Your answer should hold every line of the records below that contains the string "blocks".

Material for this task:
- - - - - - -

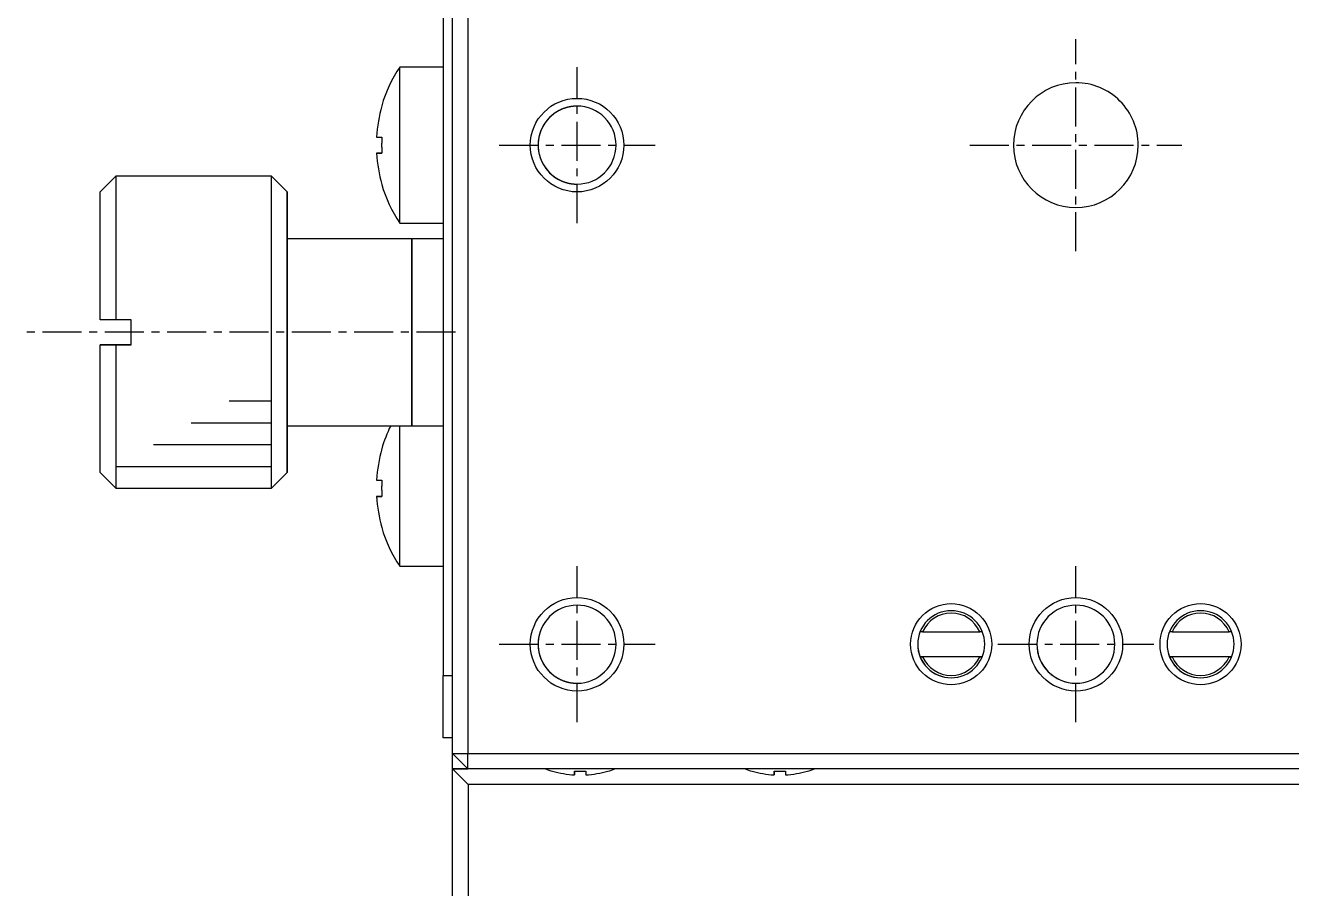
# Model space of a CAD drawing. Extents: x 97 to 299, y 65 to 330.
# Drawn here: x 98.28 to 138.9, y 142.47 to 170.15 of the extents above; entities that cross this region are included whole.
import ezdxf

# ---------------------------------------------------------------- set-up
doc = ezdxf.new("R2010")
doc.units = 0
doc.linetypes.add('CENTER', pattern=[2, 1.25, -0.25, 0.25, -0.25])
doc.layers.get('0').update_dxf_attribs({"linetype": 'CONTINUOUS'})
doc.layers.add('CENTER', color=1, linetype='CENTER')

# ---------------------------------------------------------------- blocks, each defined once
blk = doc.blocks.new('AID5568')
at = {"color": 3, "linetype": 'CONTINUOUS'}
for p, q in [((138.071965, 137.01), (139.434658, 137.01)), ((136.859529, 136.31), (139.434658, 136.31)), ((135.647094, 135.61), (139.434658, 135.61)), ((134.434658, 134.91), (139.434658, 134.91))]:
    blk.add_line(p, q, dxfattribs=at)
at = {"color": 7, "linetype": 'CONTINUOUS'}
blk.add_line((134.434658, 134.21), (139.434658, 134.21), dxfattribs=at)

msp = doc.modelspace()

# ---------------------------------------------------------------- linework, layer by layer
at = {"color": 7, "linetype": 'CONTINUOUS'}
for p, q in [((111.976, 146.806), (111.976, 185.806)), ((112.476, 185.806), (112.476, 146.806)), ((111.676, 172.306), (111.676, 149.306)), ((111.676, 168.806), (110.285, 168.806)), ((110.285, 166.306), (110.285, 168.806)), ((109.707, 167.568), (109.714, 167.564)), ((109.542, 166.566), (109.714, 166.566)), ((110.285, 163.806), (110.285, 166.306)), ((109.542, 166.046), (109.714, 166.046)), ((109.714, 166.046), (109.542, 166.046)), ((101.176, 165.306), (100.676, 164.806)), ((106.176, 165.306), (101.176, 165.306)), ((101.176, 165.306), (101.176, 160.706)), ((106.176, 160.306), (106.176, 165.306)), ((106.676, 164.806), (106.176, 165.306)), ((109.714, 165.047), (109.707, 165.044)), ((100.676, 160.706), (100.676, 164.806)), ((106.676, 163.306), (106.676, 164.806)), ((106.676, 164.806), (106.676, 160.306)), ((110.285, 163.806), (111.676, 163.806)), ((110.676, 163.306), (106.676, 163.306)), ((106.676, 157.306), (106.676, 163.306)), ((106.676, 160.306), (106.676, 163.306)), ((111.676, 163.306), (110.676, 163.306)), ((110.676, 163.306), (110.676, 160.306)), ((110.676, 160.306), (110.676, 163.306)), ((101.176, 160.706), (100.676, 160.706)), ((101.676, 160.706), (101.176, 160.706)), ((101.676, 159.906), (101.676, 160.706)), ((106.176, 155.306), (106.176, 160.306)), ((106.676, 157.306), (106.676, 160.306)), ((106.676, 160.306), (106.676, 155.806)), ((110.676, 160.306), (110.676, 157.306)), ((110.676, 157.306), (110.676, 160.306)), ((100.676, 159.906), (100.676, 159.906)), ((101.176, 159.906), (100.676, 159.906)), ((100.676, 159.906), (101.176, 159.906)), ((100.676, 155.806), (100.676, 159.906)), ((101.176, 159.906), (101.676, 159.906)), ((101.176, 159.906), (101.176, 155.306)), ((101.676, 159.906), (101.176, 159.906)), ((106.676, 157.306), (110.676, 157.306)), ((106.676, 155.806), (106.676, 157.306)), ((110.285, 155.306), (110.285, 157.306)), ((110.676, 157.306), (111.676, 157.306)), ((109.707, 156.568), (109.714, 156.564)), ((100.676, 155.806), (101.176, 155.306)), ((106.176, 155.306), (106.676, 155.806)), ((109.542, 155.566), (109.714, 155.566)), ((110.285, 152.806), (110.285, 155.306)), ((109.542, 155.046), (109.714, 155.046)), ((109.714, 155.046), (109.542, 155.046)), ((109.714, 154.047), (109.707, 154.044)), ((110.285, 152.806), (111.676, 152.806)), ((127.06, 150.706), (126.978, 150.706)), ((127.06, 150.706), (128.893, 150.706)), ((128.975, 150.706), (128.893, 150.706)), ((135.06, 150.706), (134.978, 150.706)), ((135.06, 150.706), (136.893, 150.706)), ((136.975, 150.706), (136.893, 150.706)), ((126.978, 149.906), (127.06, 149.906)), ((128.974, 149.906), (126.979, 149.906)), ((128.893, 149.906), (127.06, 149.906)), ((128.893, 149.906), (128.975, 149.906)), ((134.978, 149.906), (135.06, 149.906)), ((136.974, 149.906), (134.979, 149.906)), ((136.893, 149.906), (135.06, 149.906)), ((136.893, 149.906), (136.975, 149.906)), ((111.676, 147.306), (111.676, 149.306)), ((111.976, 147.306), (111.676, 147.306)), ((111.976, 146.806), (112.476, 146.306)), ((111.976, 146.806), (112.476, 146.806)), ((111.977, 146.306), (111.977, 146.806)), ((112.476, 146.806), (151.476, 146.806)), ((112.476, 146.306), (112.476, 146.806)), ((111.977, 112.306), (111.977, 146.306)), ((112.476, 146.306), (111.977, 146.306)), ((111.977, 146.306), (112.476, 146.306)), ((111.977, 146.306), (112.477, 145.806)), ((151.476, 146.306), (112.476, 146.306)), ((115.19, 146.236), (115.188, 146.232)), ((115.188, 146.232), (115.19, 146.236)), ((115.896, 146.116), (115.896, 146.236)), ((115.896, 146.236), (115.896, 146.116)), ((115.896, 146.116), (115.896, 146.236)), ((116.256, 146.236), (116.256, 146.116)), ((116.963, 146.236), (116.965, 146.232)), ((121.59, 146.236), (121.588, 146.232)), ((121.588, 146.232), (121.59, 146.236)), ((122.296, 146.116), (122.296, 146.236)), ((122.296, 146.236), (122.296, 146.116)), ((122.296, 146.116), (122.296, 146.236)), ((122.656, 146.236), (122.656, 146.116)), ((123.363, 146.236), (123.365, 146.232)), ((112.477, 145.806), (112.477, 111.806)), ((151.477, 145.806), (112.477, 145.806))]:
    msp.add_line(p, q, dxfattribs=at)
at = {"color": 9, "linetype": 'CONTINUOUS'}
msp.add_line((111.676, 149.306), (111.976, 149.306), dxfattribs=at)
at = {"color": 7, "linetype": 'CONTINUOUS'}
for points in [[(115.976, 167.556, 0), (115.967, 167.556, 0), (115.958, 167.556, 0), (115.949, 167.556, 0), (115.94, 167.555, 0), (115.931, 167.555, 0), (115.922, 167.555, 0), (115.913, 167.554, 0), (115.904, 167.554, 0), (115.895, 167.553, 0), (115.886, 167.553, 0), (115.877, 167.552, 0), (115.868, 167.551, 0), (115.859, 167.55, 0), (115.85, 167.549, 0), (115.841, 167.548, 0), (115.832, 167.547, 0), (115.823, 167.546, 0), (115.814, 167.545, 0), (115.805, 167.544, 0), (115.796, 167.543, 0), (115.787, 167.541, 0), (115.778, 167.54, 0), (115.769, 167.539, 0), (115.76, 167.537, 0), (115.751, 167.535, 0), (115.742, 167.534, 0), (115.733, 167.532, 0), (115.725, 167.53, 0), (115.716, 167.528, 0), (115.707, 167.526, 0), (115.698, 167.524, 0), (115.689, 167.522, 0), (115.68, 167.52, 0), (115.672, 167.518, 0), (115.663, 167.516, 0), (115.654, 167.514, 0), (115.645, 167.511, 0), (115.637, 167.509, 0), (115.628, 167.506, 0), (115.619, 167.504, 0), (115.611, 167.501, 0), (115.602, 167.498, 0), (115.593, 167.496, 0), (115.585, 167.493, 0), (115.576, 167.49, 0), (115.567, 167.487, 0), (115.559, 167.484, 0), (115.55, 167.481, 0), (115.542, 167.478, 0), (115.533, 167.475, 0), (115.525, 167.472, 0), (115.517, 167.468, 0), (115.508, 167.465, 0), (115.5, 167.461, 0), (115.491, 167.458, 0), (115.483, 167.454, 0), (115.475, 167.451, 0), (115.466, 167.447, 0), (115.458, 167.443, 0), (115.45, 167.44, 0), (115.442, 167.436, 0), (115.434, 167.432, 0), (115.425, 167.428, 0), (115.417, 167.424, 0), (115.409, 167.42, 0), (115.401, 167.416, 0), (115.393, 167.411, 0), (115.385, 167.407, 0), (115.377, 167.403, 0), (115.369, 167.399, 0), (115.361, 167.394, 0), (115.354, 167.39, 0), (115.346, 167.385, 0), (115.338, 167.381, 0), (115.33, 167.376, 0), (115.322, 167.371, 0), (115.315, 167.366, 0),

- - - - - - -

Task response:
# ---------------------------------------------------------------- blocks, each defined once
blk = doc.blocks.new('AID5568')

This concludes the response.